You’ve been describing that this is mainstream Likud.

Yossi: That’s the change, that’s the change that Netanyahu has brought since, uh, his legal troubles and he has managed to turn his own personal issues into a kind of ideology. And, you know, initially when he brought in Ben Gvir, I thought this was just a technicality, but there’s more substantial.

Donniel: Something deeper is happening here.

Yossi: Yes. And what’s changed is that democracy was always a given in this society, and you, and you, you, you said it just, just a moment ago, even the Haredi parties had to at least pay lip service to democracy. But something has changed.

When Miri Regev, one of the important leaders in the Likud, the former culture minister, one of Netanyahu’s major uh, allies, said recently that the world has enough democracies. The world doesn’t need another democracy. This is the only Jewish state. 

She was expressing a fundamental change that’s happened in the political culture here. And the desperation that I sense in my camp is that we’re really, this election is, we are fighting for the future of Israeli democracy.

Donniel: Really interesting, uh, scary, frightening. I hear you and I have no evidence to the contrary, but that’s not gonna keep me from having an opinion. 

Um, I don’t wanna believe that that’s mainstream Likud. I don’t wanna believe it, but every politician, every fact that you quote, I can’t tell you that it’s fake. It’s true. But I hope they’re part of something else. And um,

Yossi: Whether who’s part of something else?

Donniel: Whether these statements aren’t indicative of something else.

I would put on the table another, and it’s not as distinct from, but you got one and now I’ll pick one. I find that the people in my camp aren’t frightened. If we’re frightened, we’re frightened of the other camp getting into power. That both sides are.

But tthe basic premise of the conversation is that Israel’s powerful, Israel’s in a great place, and now what do we need to do? The conversation is not engulfed around an enemy discourse, threatening us. And I’m not talking about the enemy being the other camp, because yes, when you have two camps, each side sees the other as the enemy. That’s inevitable, unfortunately. But there is a different discourse amongst everybody on the center and center-left about the future of Israel. 
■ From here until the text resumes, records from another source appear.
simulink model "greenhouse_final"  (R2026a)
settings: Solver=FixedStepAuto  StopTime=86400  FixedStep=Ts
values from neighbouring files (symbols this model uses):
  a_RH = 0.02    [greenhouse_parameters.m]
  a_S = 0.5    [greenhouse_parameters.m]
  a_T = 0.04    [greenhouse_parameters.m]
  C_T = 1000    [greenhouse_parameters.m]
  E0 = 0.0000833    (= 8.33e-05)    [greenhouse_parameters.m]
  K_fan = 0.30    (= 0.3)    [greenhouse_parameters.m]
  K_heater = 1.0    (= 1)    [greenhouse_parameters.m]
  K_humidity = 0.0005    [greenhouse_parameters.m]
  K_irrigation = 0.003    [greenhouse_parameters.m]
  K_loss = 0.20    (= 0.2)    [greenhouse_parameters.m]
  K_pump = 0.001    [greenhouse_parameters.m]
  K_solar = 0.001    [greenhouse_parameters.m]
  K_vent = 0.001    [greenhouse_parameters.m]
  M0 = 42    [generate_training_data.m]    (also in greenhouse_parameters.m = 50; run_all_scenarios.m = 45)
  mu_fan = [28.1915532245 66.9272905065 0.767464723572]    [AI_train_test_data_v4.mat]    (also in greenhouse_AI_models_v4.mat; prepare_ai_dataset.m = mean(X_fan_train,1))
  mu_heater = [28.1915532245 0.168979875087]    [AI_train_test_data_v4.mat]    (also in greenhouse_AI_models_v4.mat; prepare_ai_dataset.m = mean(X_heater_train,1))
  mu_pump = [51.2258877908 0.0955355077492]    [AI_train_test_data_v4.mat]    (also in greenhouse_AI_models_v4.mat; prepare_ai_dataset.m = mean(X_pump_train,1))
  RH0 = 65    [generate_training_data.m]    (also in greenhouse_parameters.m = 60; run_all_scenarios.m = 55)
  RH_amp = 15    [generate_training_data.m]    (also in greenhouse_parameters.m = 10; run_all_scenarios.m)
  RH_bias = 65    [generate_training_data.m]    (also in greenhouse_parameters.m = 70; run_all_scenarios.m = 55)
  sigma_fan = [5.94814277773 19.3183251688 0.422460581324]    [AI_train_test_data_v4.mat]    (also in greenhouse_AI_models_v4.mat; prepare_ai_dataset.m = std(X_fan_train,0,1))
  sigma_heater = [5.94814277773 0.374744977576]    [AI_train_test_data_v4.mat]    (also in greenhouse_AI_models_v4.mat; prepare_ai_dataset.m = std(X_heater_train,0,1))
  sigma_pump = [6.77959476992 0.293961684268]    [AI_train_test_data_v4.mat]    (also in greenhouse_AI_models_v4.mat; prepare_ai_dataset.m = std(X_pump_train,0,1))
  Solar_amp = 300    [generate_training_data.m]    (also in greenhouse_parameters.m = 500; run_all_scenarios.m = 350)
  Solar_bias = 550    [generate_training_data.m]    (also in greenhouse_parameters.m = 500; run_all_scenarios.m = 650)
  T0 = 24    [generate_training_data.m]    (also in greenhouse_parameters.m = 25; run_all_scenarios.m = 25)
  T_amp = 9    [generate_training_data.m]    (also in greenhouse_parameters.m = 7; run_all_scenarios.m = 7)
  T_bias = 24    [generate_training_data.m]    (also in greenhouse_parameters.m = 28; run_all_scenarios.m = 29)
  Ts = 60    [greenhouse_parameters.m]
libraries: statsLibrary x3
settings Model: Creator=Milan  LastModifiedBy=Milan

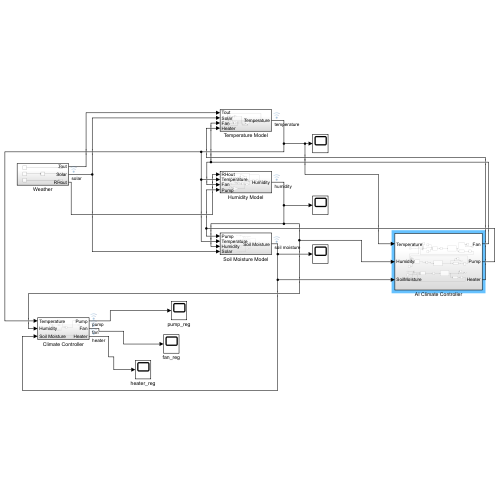
[thumbnail: Simulink's stored preview of the top-level diagram]
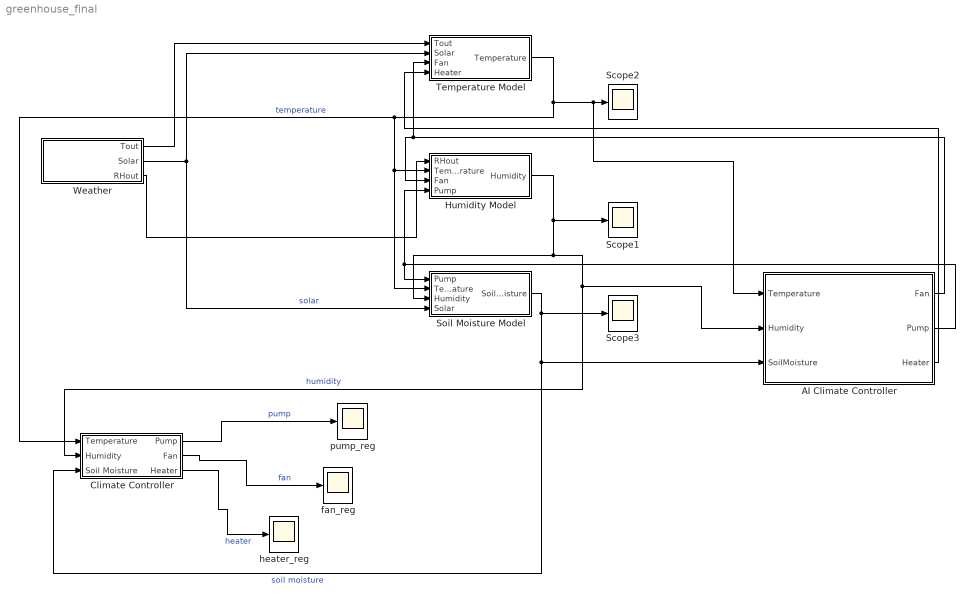
== system greenhouse_final ==
  AI Climate Controller : Subsystem
  Climate Controller : Subsystem
  Humidity Model : Subsystem
  Scope1 : Scope
      settings: ActiveDisplayYMinimum=36.510410481931025  ActiveDisplayYMaximum=74.5543246381449
  Scope2 : Scope
      settings: ActiveDisplayYMinimum=22.477962989488532  ActiveDisplayYMaximum=39.635587368258683
  Scope3 : Scope
      settings: ActiveDisplayYMinimum=38.739539381371436  ActiveDisplayYMaximum=51.2749472709106  DataLoggingVariableName=ScopeData2
  Soil Moisture Model : Subsystem
  Temperature Model : Subsystem
  Weather : Subsystem
  fan_reg : Scope
      settings: ActiveDisplayYMinimum=-0.12499999999999997  ActiveDisplayYMaximum=1.125  DataLoggingVariableName=ScopeData4
  heater_reg : Scope
      settings: ActiveDisplayYMinimum=-1  ActiveDisplayYMaximum=1  DataLoggingVariableName=ScopeData5
  pump_reg : Scope
      settings: ActiveDisplayYMinimum=-0.12499999999999997  ActiveDisplayYMaximum=1.125  DataLoggingVariableName=ScopeData3
  wires:
  Weather/2(Solar) -> Soil Moisture Model/4(Solar), Temperature Model/2(Solar)  "solar"
  Weather/1(Tout) -> Temperature Model/1(Tout)
  Weather/3(RHout) -> Humidity Model/1(RHout)
  Temperature Model/1(Temperature) -> AI Climate Controller/1(Temperature), Scope2/1, Climate Controller/1(Temperature), Soil Moisture Model/2(Temperature), Humidity Model/2(Temperature)  "temperature"
  Humidity Model/1(Humidity) -> Soil Moisture Model/3(Humidity), Climate Controller/2(Humidity), AI Climate Controller/2(Humidity), Scope1/1  "humidity"
  Soil Moisture Model/1(Soil Moisture) -> AI Climate Controller/3(SoilMoisture), Climate Controller/3(Soil Moisture), Scope3/1  "soil moisture"
  Climate Controller/1(Pump) -> pump_reg/1  "pump"
  Climate Controller/2(Fan) -> fan_reg/1  "fan"
  Climate Controller/3(Heater) -> heater_reg/1  "heater"
  AI Climate Controller/1(Fan) -> Humidity Model/3(Fan), Temperature Model/3(Fan)
  AI Climate Controller/2(Pump) -> Humidity Model/4(Pump), Soil Moisture Model/1(Pump)
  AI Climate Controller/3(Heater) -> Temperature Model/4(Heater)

There’s a plethora of issues. We’re gonna, yes, our job is to maintain the security, but we’re gonna do that and it’s gonna maintain Iran and we’re gonna do. There, there’s a seriousness, but you don’t feel that I need to vote for them because they have to save me from an imminent destruction unless the not Bibi is there.

And here, I wanna give them their best reading. Like, who is wrong? How dangerous is our reality? How dangerous are we? People who, who move to what is now called the right-wing bloc used to have a lot of ideological statements, like, we are the lovers of Israel and we’re the lovers of the Jewishness of Israel. I don’t think that’s the essential thing. 

I think there’s a fear. There’s a sense of profound angst about the future, and I think one of the reasons why they unify around Netanyahu is that they trust Netanyahu to navigate those waters. That’s why I think a lot of the people, they use a lot of language to reach people and, and part of what happens is politicians who use words impact.

And I think that’s why I have to take your, what you’re saying more seriously, but there’s something about, I know I live in the Middle East, but being a Zionist, living in Israel today is that I’m not a Middle Eastern phenomenon. I don’t feel I’m a middle Eastern phenomenon.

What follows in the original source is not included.